» WORK TASK
In the entries below, find the line with "#20=DIRECTION('',(0.,1.,0.));" and the line with "#72=DIRECTION('',(0.,0.,-1.));". Return those two lines and all lines between them, exactly.

» DATA PROVIDED
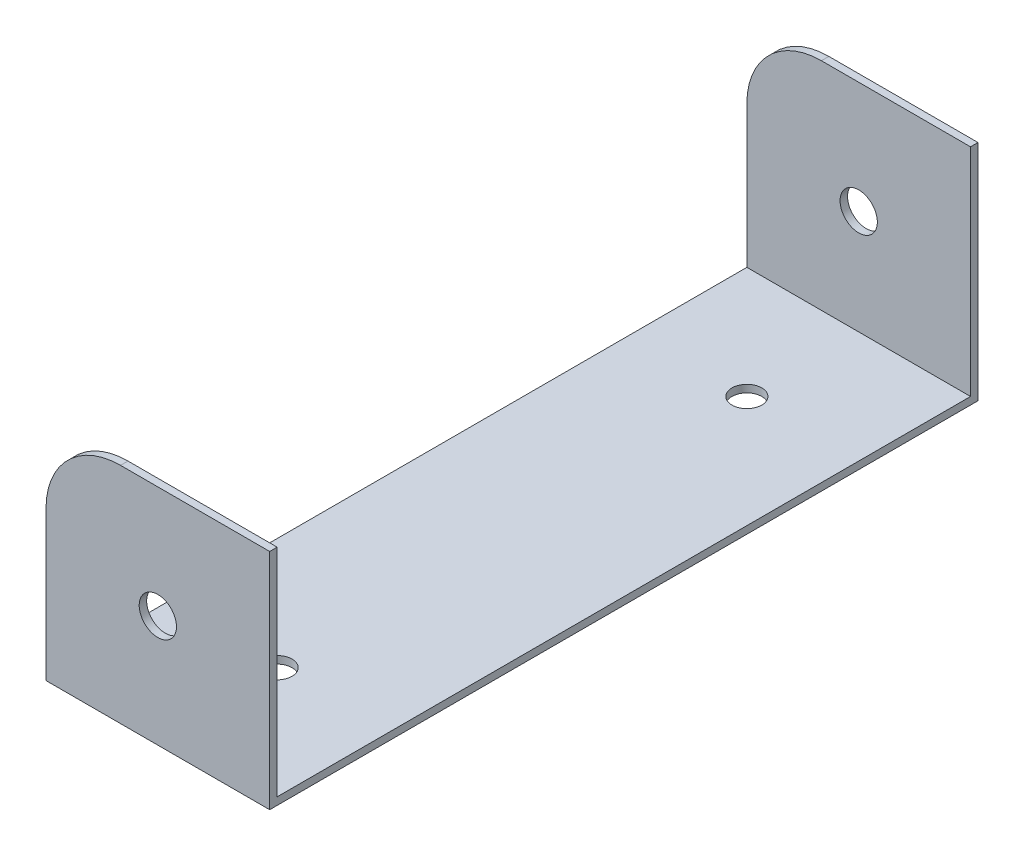
ISO-10303-21;
HEADER;
FILE_DESCRIPTION(('STEP AP214'),'2;1');
FILE_NAME('part.step','',(''),(''),'','','');
FILE_SCHEMA(('AUTOMOTIVE_DESIGN { 1 0 10303 214 1 1 1 1 }'));
ENDSEC;
DATA;
#1=APPLICATION_CONTEXT('core data for automotive mechanical design processes');
#2=APPLICATION_PROTOCOL_DEFINITION('international standard','automotive_design',2000,#1);
#3=PRODUCT_CONTEXT('',#1,'mechanical');
#4=PRODUCT('Part','Part','',(#3));
#5=PRODUCT_RELATED_PRODUCT_CATEGORY('part','',(#4));
#6=PRODUCT_DEFINITION_FORMATION('','',#4);
#7=PRODUCT_DEFINITION_CONTEXT('part definition',#1,'design');
#8=PRODUCT_DEFINITION('design','',#6,#7);
#9=PRODUCT_DEFINITION_SHAPE('','',#8);
#10=(LENGTH_UNIT() NAMED_UNIT(*) SI_UNIT(.MILLI.,.METRE.));
#11=(NAMED_UNIT(*) PLANE_ANGLE_UNIT() SI_UNIT($,.RADIAN.));
#12=(NAMED_UNIT(*) SI_UNIT($,.STERADIAN.) SOLID_ANGLE_UNIT());
#13=UNCERTAINTY_MEASURE_WITH_UNIT(LENGTH_MEASURE(1.E-05),#10,'distance_accuracy_value','');
#14=(GEOMETRIC_REPRESENTATION_CONTEXT(3) GLOBAL_UNCERTAINTY_ASSIGNED_CONTEXT((#13)) GLOBAL_UNIT_ASSIGNED_CONTEXT((#10,
#11,#12)) REPRESENTATION_CONTEXT('',''));
#15=CARTESIAN_POINT('',(0.,0.,0.));
#16=DIRECTION('',(0.,0.,1.));
#17=DIRECTION('',(1.,0.,0.));
#18=AXIS2_PLACEMENT_3D('',#15,#16,#17);
#19=CARTESIAN_POINT('',(0.,1.,0.));
#20=DIRECTION('',(0.,1.,0.));
#21=DIRECTION('',(0.,0.,1.));
#22=AXIS2_PLACEMENT_3D('',#19,#20,#21);
#23=PLANE('',#22);
#24=CARTESIAN_POINT('',(0.,1.,31.5));
#25=DIRECTION('',(0.,1.,0.));
#26=DIRECTION('',(0.,0.,-1.));
#27=AXIS2_PLACEMENT_3D('',#24,#25,#26);
#28=CIRCLE('',#27,2.);
#29=CARTESIAN_POINT('',(0.,1.,29.5));
#30=VERTEX_POINT('',#29);
#31=EDGE_CURVE('E226',#30,#30,#28,.T.);
#32=ORIENTED_EDGE('',*,*,#31,.F.);
#33=EDGE_LOOP('',(#32));
#34=FACE_BOUND('',#33,.T.);
#35=CARTESIAN_POINT('',(0.,1.,-31.5));
#36=DIRECTION('',(0.,1.,0.));
#37=DIRECTION('',(0.,0.,1.));
#38=AXIS2_PLACEMENT_3D('',#35,#36,#37);
#39=CIRCLE('',#38,2.);
#40=CARTESIAN_POINT('',(0.,1.,-29.5));
#41=VERTEX_POINT('',#40);
#42=EDGE_CURVE('E220',#41,#41,#39,.T.);
#43=ORIENTED_EDGE('',*,*,#42,.F.);
#44=EDGE_LOOP('',(#43));
#45=FACE_BOUND('',#44,.T.);
#46=DIRECTION('',(-1.,0.,0.));
#47=VECTOR('',#46,1.);
#48=CARTESIAN_POINT('',(-15.,1.,-46.5));
#49=LINE('',#48,#47);
#50=CARTESIAN_POINT('',(15.,1.,-46.5));
#51=VERTEX_POINT('',#50);
#52=CARTESIAN_POINT('',(-15.,1.,-46.5));
#53=VERTEX_POINT('',#52);
#54=EDGE_CURVE('E134',#51,#53,#49,.T.);
#55=ORIENTED_EDGE('',*,*,#54,.T.);
#56=DIRECTION('',(0.,0.,1.));
#57=VECTOR('',#56,1.);
#58=CARTESIAN_POINT('',(-15.,1.,47.5));
#59=LINE('',#58,#57);
#60=CARTESIAN_POINT('',(-15.,1.,46.5));
#61=VERTEX_POINT('',#60);
#62=EDGE_CURVE('E157',#53,#61,#59,.T.);
#63=ORIENTED_EDGE('',*,*,#62,.T.);
#64=DIRECTION('',(1.,0.,0.));
#65=VECTOR('',#64,1.);
#66=CARTESIAN_POINT('',(15.,1.,46.5));
#67=LINE('',#66,#65);
#68=CARTESIAN_POINT('',(15.,1.,46.5));
#69=VERTEX_POINT('',#68);
#70=EDGE_CURVE('E141',#61,#69,#67,.T.);
#71=ORIENTED_EDGE('',*,*,#70,.T.);
#72=DIRECTION('',(0.,0.,-1.));
#73=VECTOR('',#72,1.);
#74=CARTESIAN_POINT('',(15.,1.,47.5));
#75=LINE('',#74,#73);
#76=EDGE_CURVE('E160',#69,#51,#75,.T.);
#77=ORIENTED_EDGE('',*,*,#76,.T.);
#78=EDGE_LOOP('',(#55,#63,#71,#77));
#79=FACE_BOUND('',#78,.T.);
#80=ADVANCED_FACE('F32',(#34,#45,#79),#23,.T.);
#81=CARTESIAN_POINT('',(-15.,1.,47.5));
#82=DIRECTION('',(1.,0.,0.));
#83=DIRECTION('',(0.,0.,-1.));
#84=AXIS2_PLACEMENT_3D('',#81,#82,#83);
#85=PLANE('',#84);
#86=DIRECTION('',(0.,1.,0.));
#87=VECTOR('',#86,1.);
#88=CARTESIAN_POINT('',(-15.,30.,-46.5));
#89=LINE('',#88,#87);
#90=CARTESIAN_POINT('',(-15.,20.,-46.5));
#91=VERTEX_POINT('',#90);
#92=EDGE_CURVE('E120',#53,#91,#89,.T.);
#93=ORIENTED_EDGE('',*,*,#92,.T.);
#94=DIRECTION('',(0.,0.,-1.));
#95=VECTOR('',#94,1.);
#96=CARTESIAN_POINT('',(-15.,20.,-47.5));
#97=LINE('',#96,#95);
#98=CARTESIAN_POINT('',(-15.,20.,-47.5));
#99=VERTEX_POINT('',#98);
#100=EDGE_CURVE('E181',#91,#99,#97,.T.);
#101=ORIENTED_EDGE('',*,*,#100,.T.);
#102=DIRECTION('',(0.,-1.,0.));
#103=VECTOR('',#102,1.);
#104=CARTESIAN_POINT('',(-15.,1.,-47.5));
#105=LINE('',#104,#103);
#106=CARTESIAN_POINT('',(-15.,0.,-47.5));
#107=VERTEX_POINT('',#106);
#108=EDGE_CURVE('E163',#99,#107,#105,.T.);
#109=ORIENTED_EDGE('',*,*,#108,.T.);
#110=DIRECTION('',(0.,0.,1.));
#111=VECTOR('',#110,1.);
#112=CARTESIAN_POINT('',(-15.,0.,47.5));
#113=LINE('',#112,#111);
#114=CARTESIAN_POINT('',(-15.,0.,47.5));
#115=VERTEX_POINT('',#114);
#116=EDGE_CURVE('E156',#107,#115,#113,.T.);
#117=ORIENTED_EDGE('',*,*,#116,.T.);
#118=DIRECTION('',(0.,-1.,0.));
#119=VECTOR('',#118,1.);
#120=CARTESIAN_POINT('',(-15.,1.,47.5));
#121=LINE('',#120,#119);
#122=CARTESIAN_POINT('',(-15.,20.,47.5));
#123=VERTEX_POINT('',#122);
#124=EDGE_CURVE('E177',#123,#115,#121,.T.);
#125=ORIENTED_EDGE('',*,*,#124,.F.);
#126=DIRECTION('',(0.,0.,1.));
#127=VECTOR('',#126,1.);
#128=CARTESIAN_POINT('',(-15.,20.,46.5));
#129=LINE('',#128,#127);
#130=CARTESIAN_POINT('',(-15.,20.,46.5));
#131=VERTEX_POINT('',#130);
#132=EDGE_CURVE('E179',#123,#131,#129,.F.);
#133=ORIENTED_EDGE('',*,*,#132,.T.);
#134=DIRECTION('',(0.,-1.,0.));
#135=VECTOR('',#134,1.);
#136=CARTESIAN_POINT('',(-15.,1.,46.5));
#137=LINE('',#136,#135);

» EXERCISE SOLUTION
#20=DIRECTION('',(0.,1.,0.));
#21=DIRECTION('',(0.,0.,1.));
#22=AXIS2_PLACEMENT_3D('',#19,#20,#21);
#23=PLANE('',#22);
#24=CARTESIAN_POINT('',(0.,1.,31.5));
#25=DIRECTION('',(0.,1.,0.));
#26=DIRECTION('',(0.,0.,-1.));
#27=AXIS2_PLACEMENT_3D('',#24,#25,#26);
#28=CIRCLE('',#27,2.);
#29=CARTESIAN_POINT('',(0.,1.,29.5));
#30=VERTEX_POINT('',#29);
#31=EDGE_CURVE('E226',#30,#30,#28,.T.);
#32=ORIENTED_EDGE('',*,*,#31,.F.);
#33=EDGE_LOOP('',(#32));
#34=FACE_BOUND('',#33,.T.);
#35=CARTESIAN_POINT('',(0.,1.,-31.5));
#36=DIRECTION('',(0.,1.,0.));
#37=DIRECTION('',(0.,0.,1.));
#38=AXIS2_PLACEMENT_3D('',#35,#36,#37);
#39=CIRCLE('',#38,2.);
#40=CARTESIAN_POINT('',(0.,1.,-29.5));
#41=VERTEX_POINT('',#40);
#42=EDGE_CURVE('E220',#41,#41,#39,.T.);
#43=ORIENTED_EDGE('',*,*,#42,.F.);
#44=EDGE_LOOP('',(#43));
#45=FACE_BOUND('',#44,.T.);
#46=DIRECTION('',(-1.,0.,0.));
#47=VECTOR('',#46,1.);
#48=CARTESIAN_POINT('',(-15.,1.,-46.5));
#49=LINE('',#48,#47);
#50=CARTESIAN_POINT('',(15.,1.,-46.5));
#51=VERTEX_POINT('',#50);
#52=CARTESIAN_POINT('',(-15.,1.,-46.5));
#53=VERTEX_POINT('',#52);
#54=EDGE_CURVE('E134',#51,#53,#49,.T.);
#55=ORIENTED_EDGE('',*,*,#54,.T.);
#56=DIRECTION('',(0.,0.,1.));
#57=VECTOR('',#56,1.);
#58=CARTESIAN_POINT('',(-15.,1.,47.5));
#59=LINE('',#58,#57);
#60=CARTESIAN_POINT('',(-15.,1.,46.5));
#61=VERTEX_POINT('',#60);
#62=EDGE_CURVE('E157',#53,#61,#59,.T.);
#63=ORIENTED_EDGE('',*,*,#62,.T.);
#64=DIRECTION('',(1.,0.,0.));
#65=VECTOR('',#64,1.);
#66=CARTESIAN_POINT('',(15.,1.,46.5));
#67=LINE('',#66,#65);
#68=CARTESIAN_POINT('',(15.,1.,46.5));
#69=VERTEX_POINT('',#68);
#70=EDGE_CURVE('E141',#61,#69,#67,.T.);
#71=ORIENTED_EDGE('',*,*,#70,.T.);
#72=DIRECTION('',(0.,0.,-1.));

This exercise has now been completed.